Representing Sound

Clap your hands. The air around them squashes and stretches, and that ripple of pressure races outwards until it wobbles your eardrum — that is sound. Draw the pressure over time and you get a smooth, endlessly wiggling wave: a continuous curve with no gaps and no steps, gliding through every value in between.

A computer has a problem, though. It can only store numbers — a finite list of them — and this wave has infinitely many points. So how do we squeeze a smooth, never-ending curve into a box that only holds numbers? The answer is one of the neatest tricks in computing: sampling.

Sampling: measuring the wave over and over

Instead of storing the whole curve, we measure its height at regular moments — thousands of times a second — and write down just those numbers. Each measurement is a sample. Play the samples back quickly and your ear stitches them together into something that sounds like the original.

The picture below shows a sound wave (the smooth curve) with the samples marked as dots. The computer keeps only the dots — the heights — and throws the curve itself away.

Two choices decide how faithfully those dots capture the wave: how often we measure, and how precisely we record each height.

Sample rate — how often we measure

The sample rate is the number of samples taken each second, measured in hertz (Hz). A rate of 44{,}100\text{ Hz} — the standard for CDs — means the height is measured 44{,}100 times a second. Take samples more often (dots closer together) and the joined-up dots hug the real curve much more tightly.

Bit depth — how precisely we record each height

The bit depth is how many bits we use to store each single sample. With n bits, a sample can be one of 2^n different height levels.
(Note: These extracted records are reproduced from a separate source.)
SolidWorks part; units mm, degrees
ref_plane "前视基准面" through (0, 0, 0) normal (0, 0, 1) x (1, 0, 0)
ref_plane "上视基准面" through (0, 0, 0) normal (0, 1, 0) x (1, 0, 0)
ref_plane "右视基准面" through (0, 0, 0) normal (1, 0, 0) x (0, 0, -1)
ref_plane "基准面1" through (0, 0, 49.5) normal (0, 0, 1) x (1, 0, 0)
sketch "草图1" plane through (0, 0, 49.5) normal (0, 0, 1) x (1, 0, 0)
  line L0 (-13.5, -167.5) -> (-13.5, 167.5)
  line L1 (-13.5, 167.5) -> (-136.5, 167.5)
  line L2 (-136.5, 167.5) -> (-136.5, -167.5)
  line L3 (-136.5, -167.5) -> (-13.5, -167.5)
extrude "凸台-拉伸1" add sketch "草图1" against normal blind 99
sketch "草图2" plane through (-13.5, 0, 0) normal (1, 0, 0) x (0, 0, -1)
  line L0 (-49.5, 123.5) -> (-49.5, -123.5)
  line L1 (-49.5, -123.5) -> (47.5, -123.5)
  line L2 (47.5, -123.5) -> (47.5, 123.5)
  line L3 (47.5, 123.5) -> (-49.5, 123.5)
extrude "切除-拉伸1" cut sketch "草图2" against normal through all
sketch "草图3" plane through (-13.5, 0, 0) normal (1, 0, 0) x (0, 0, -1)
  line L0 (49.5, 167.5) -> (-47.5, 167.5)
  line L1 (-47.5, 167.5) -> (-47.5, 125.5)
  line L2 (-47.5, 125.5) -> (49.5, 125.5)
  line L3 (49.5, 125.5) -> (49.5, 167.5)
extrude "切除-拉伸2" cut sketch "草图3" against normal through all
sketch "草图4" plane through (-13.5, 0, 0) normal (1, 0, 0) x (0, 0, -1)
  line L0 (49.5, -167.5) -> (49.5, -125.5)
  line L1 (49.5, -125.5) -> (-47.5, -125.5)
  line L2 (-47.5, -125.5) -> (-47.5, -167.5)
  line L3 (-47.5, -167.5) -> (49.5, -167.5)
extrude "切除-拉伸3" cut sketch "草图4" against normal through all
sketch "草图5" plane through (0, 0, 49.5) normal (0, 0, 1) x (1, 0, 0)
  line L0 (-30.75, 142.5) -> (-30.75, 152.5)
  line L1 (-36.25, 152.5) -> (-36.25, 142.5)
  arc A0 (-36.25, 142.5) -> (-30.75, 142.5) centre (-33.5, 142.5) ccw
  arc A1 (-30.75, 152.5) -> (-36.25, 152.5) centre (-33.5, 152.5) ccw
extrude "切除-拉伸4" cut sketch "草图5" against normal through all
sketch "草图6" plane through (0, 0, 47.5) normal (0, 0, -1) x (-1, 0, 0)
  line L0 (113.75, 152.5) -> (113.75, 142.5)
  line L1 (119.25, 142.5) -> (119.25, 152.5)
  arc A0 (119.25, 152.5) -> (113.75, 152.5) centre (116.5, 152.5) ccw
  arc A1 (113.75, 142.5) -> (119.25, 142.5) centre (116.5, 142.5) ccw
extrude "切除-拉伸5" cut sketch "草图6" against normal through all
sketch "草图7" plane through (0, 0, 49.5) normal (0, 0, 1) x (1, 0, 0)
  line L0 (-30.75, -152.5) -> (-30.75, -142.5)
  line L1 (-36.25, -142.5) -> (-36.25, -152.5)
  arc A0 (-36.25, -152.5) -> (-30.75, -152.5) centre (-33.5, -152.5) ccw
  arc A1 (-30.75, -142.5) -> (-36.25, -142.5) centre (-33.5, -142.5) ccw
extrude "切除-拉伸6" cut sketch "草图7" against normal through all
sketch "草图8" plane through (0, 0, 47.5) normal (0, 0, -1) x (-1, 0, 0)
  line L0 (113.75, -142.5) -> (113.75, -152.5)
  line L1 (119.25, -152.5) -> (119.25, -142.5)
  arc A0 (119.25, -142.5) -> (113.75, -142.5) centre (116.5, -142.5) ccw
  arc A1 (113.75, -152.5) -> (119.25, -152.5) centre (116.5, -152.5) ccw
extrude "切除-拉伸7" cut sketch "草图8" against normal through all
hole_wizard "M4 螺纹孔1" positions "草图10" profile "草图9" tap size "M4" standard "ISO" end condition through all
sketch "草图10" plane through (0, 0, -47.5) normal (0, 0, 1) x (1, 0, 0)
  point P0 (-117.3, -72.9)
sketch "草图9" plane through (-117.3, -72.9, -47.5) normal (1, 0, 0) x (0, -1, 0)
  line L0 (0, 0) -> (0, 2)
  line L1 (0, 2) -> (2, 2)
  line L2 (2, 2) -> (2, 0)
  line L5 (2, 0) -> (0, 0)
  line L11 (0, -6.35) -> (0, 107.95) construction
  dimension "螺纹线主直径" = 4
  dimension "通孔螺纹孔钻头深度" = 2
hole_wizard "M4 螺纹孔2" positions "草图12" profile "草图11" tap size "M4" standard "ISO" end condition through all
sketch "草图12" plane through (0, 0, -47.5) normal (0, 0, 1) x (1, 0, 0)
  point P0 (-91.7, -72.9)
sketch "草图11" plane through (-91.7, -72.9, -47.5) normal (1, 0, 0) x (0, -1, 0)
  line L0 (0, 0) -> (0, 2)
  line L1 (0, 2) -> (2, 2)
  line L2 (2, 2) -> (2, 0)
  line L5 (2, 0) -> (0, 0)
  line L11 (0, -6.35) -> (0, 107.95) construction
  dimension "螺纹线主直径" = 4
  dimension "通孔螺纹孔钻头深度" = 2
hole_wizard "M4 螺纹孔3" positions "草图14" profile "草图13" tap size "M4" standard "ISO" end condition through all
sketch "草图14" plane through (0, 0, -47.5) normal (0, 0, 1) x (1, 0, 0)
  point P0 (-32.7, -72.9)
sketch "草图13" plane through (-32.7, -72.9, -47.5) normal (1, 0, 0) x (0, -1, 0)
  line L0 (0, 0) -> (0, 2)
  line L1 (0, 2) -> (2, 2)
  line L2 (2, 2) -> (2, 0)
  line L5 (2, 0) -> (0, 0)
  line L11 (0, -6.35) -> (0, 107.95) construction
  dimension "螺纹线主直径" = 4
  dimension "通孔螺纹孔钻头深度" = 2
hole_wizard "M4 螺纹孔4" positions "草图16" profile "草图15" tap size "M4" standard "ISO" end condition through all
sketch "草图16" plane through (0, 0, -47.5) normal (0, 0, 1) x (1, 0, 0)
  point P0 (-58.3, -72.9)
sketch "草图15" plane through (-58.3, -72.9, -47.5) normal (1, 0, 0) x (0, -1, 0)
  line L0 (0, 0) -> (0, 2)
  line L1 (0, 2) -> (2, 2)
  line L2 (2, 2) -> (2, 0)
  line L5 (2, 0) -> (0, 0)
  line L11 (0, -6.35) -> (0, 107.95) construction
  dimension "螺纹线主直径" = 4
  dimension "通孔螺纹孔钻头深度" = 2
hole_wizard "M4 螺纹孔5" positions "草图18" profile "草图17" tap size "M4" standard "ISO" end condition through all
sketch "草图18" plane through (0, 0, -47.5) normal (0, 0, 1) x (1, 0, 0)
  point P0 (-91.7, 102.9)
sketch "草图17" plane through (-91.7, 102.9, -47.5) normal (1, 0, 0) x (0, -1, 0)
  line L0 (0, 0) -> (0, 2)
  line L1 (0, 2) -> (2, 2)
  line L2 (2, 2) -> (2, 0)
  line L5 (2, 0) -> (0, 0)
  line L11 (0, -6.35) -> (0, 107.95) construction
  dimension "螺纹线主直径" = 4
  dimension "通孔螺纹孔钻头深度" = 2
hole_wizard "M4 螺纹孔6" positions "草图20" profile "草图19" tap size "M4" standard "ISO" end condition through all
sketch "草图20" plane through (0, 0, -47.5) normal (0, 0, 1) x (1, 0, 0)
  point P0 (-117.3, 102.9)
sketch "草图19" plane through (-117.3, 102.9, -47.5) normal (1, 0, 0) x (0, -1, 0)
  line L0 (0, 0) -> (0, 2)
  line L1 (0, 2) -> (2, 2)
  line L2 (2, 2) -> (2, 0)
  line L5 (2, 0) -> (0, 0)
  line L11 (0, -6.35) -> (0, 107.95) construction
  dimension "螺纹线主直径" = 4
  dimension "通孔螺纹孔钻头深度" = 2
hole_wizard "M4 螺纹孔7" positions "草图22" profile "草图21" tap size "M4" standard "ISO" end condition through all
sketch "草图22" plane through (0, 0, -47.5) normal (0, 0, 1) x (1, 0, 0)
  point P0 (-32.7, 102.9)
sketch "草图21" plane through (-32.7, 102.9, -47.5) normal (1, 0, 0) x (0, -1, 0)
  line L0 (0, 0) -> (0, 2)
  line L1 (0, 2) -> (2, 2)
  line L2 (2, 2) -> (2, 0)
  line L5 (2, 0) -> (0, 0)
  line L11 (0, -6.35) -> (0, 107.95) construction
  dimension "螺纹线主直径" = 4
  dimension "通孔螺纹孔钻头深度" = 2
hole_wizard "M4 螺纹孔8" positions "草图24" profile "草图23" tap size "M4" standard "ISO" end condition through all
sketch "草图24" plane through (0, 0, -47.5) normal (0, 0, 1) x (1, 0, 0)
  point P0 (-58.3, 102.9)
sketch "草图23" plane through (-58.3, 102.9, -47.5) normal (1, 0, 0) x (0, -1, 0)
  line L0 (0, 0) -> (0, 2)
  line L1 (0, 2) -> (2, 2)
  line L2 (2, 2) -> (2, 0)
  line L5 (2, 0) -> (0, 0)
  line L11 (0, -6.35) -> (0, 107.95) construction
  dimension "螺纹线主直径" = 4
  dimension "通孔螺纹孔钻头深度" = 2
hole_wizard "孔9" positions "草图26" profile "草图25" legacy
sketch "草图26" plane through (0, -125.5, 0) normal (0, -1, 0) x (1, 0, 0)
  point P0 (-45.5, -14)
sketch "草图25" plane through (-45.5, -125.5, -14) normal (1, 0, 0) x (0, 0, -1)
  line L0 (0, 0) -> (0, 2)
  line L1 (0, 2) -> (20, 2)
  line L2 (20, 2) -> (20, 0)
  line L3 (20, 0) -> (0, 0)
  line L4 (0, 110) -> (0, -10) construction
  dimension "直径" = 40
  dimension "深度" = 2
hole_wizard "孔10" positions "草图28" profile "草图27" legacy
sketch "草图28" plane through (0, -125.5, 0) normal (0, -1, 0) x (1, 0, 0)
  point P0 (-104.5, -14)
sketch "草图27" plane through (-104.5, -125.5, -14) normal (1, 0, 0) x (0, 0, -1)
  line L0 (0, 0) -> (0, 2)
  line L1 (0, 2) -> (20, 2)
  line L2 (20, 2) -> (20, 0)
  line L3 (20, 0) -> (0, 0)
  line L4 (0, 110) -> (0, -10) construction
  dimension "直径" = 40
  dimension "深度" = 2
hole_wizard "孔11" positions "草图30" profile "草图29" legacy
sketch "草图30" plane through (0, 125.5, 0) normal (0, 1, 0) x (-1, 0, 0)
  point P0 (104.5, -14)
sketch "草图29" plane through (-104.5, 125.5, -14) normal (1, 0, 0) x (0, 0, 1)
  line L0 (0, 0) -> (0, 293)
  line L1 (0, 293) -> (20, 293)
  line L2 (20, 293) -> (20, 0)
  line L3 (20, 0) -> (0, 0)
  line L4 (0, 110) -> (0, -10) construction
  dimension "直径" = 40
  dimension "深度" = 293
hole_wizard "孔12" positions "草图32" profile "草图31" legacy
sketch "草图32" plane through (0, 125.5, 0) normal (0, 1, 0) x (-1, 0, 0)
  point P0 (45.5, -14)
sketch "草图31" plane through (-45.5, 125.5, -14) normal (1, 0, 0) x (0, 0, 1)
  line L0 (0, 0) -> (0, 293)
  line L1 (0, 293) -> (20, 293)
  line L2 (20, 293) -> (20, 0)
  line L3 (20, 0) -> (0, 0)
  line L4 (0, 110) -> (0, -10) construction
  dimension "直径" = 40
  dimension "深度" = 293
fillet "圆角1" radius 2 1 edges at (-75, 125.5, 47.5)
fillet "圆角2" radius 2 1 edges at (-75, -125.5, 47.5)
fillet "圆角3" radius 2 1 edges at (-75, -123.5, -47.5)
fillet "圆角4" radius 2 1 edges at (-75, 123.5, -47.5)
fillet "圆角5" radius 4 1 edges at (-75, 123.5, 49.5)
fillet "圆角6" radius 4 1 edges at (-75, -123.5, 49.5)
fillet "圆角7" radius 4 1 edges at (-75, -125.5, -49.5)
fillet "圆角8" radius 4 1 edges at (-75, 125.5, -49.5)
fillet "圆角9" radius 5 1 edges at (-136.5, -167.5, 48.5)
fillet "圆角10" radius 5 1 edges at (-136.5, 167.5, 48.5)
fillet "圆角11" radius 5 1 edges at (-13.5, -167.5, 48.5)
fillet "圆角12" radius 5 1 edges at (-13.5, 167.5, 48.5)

So:

8-bit gives 2^8 = 256 possible heights;
16-bit gives 2^{16} = 65{,}536 heights (CD quality).

More levels means each dot can sit closer to the true height of the wave, instead of being rounded to the nearest available rung.

Digital sound is captured by two settings:

Sample rate — samples per second, in Hz (how often the height is measured).
Bit depth — bits per sample (how finely each height is recorded, giving 2^n levels).

Working out the file size

Every second we take (sample rate) samples, and each sample costs (bit depth) bits. Stereo sound has two channels (left and right), so everything doubles. Multiply it all together:

\text{size (bits)} = \text{sample rate} \times \text{bit depth} \times \text{seconds} \times \text{channels}

Divide by 8 to get bytes, then by 1024 for kibibytes, and again for mebibytes. This program does the whole calculation — change the numbers and press Run:

// A 30-second stereo clip at CD quality. Change any of these and Run! const sampleRate: number = 44100; // samples per second (Hz) const bitDepth: number = 16; // bits per sample const seconds: number = 30; // how long the clip is const channels: number = 2; // 1 = mono, 2 = stereo const bits: number = sampleRate * bitDepth * seconds * channels; const bytes: number = bits / 8; const kib: number = bytes / 1024; const mib: number = kib / 1024; console.log("Total bits: " + bits.toLocaleString()); console.log("Bytes: " + bytes.toLocaleString()); console.log("KiB: " + kib.toFixed(1)); console.log("MiB: " + mib.toFixed(2));

Notice how quickly it grows: a single three-minute stereo song at CD quality is over 30\text{ MB} — which is exactly why we invented compressed formats like MP3.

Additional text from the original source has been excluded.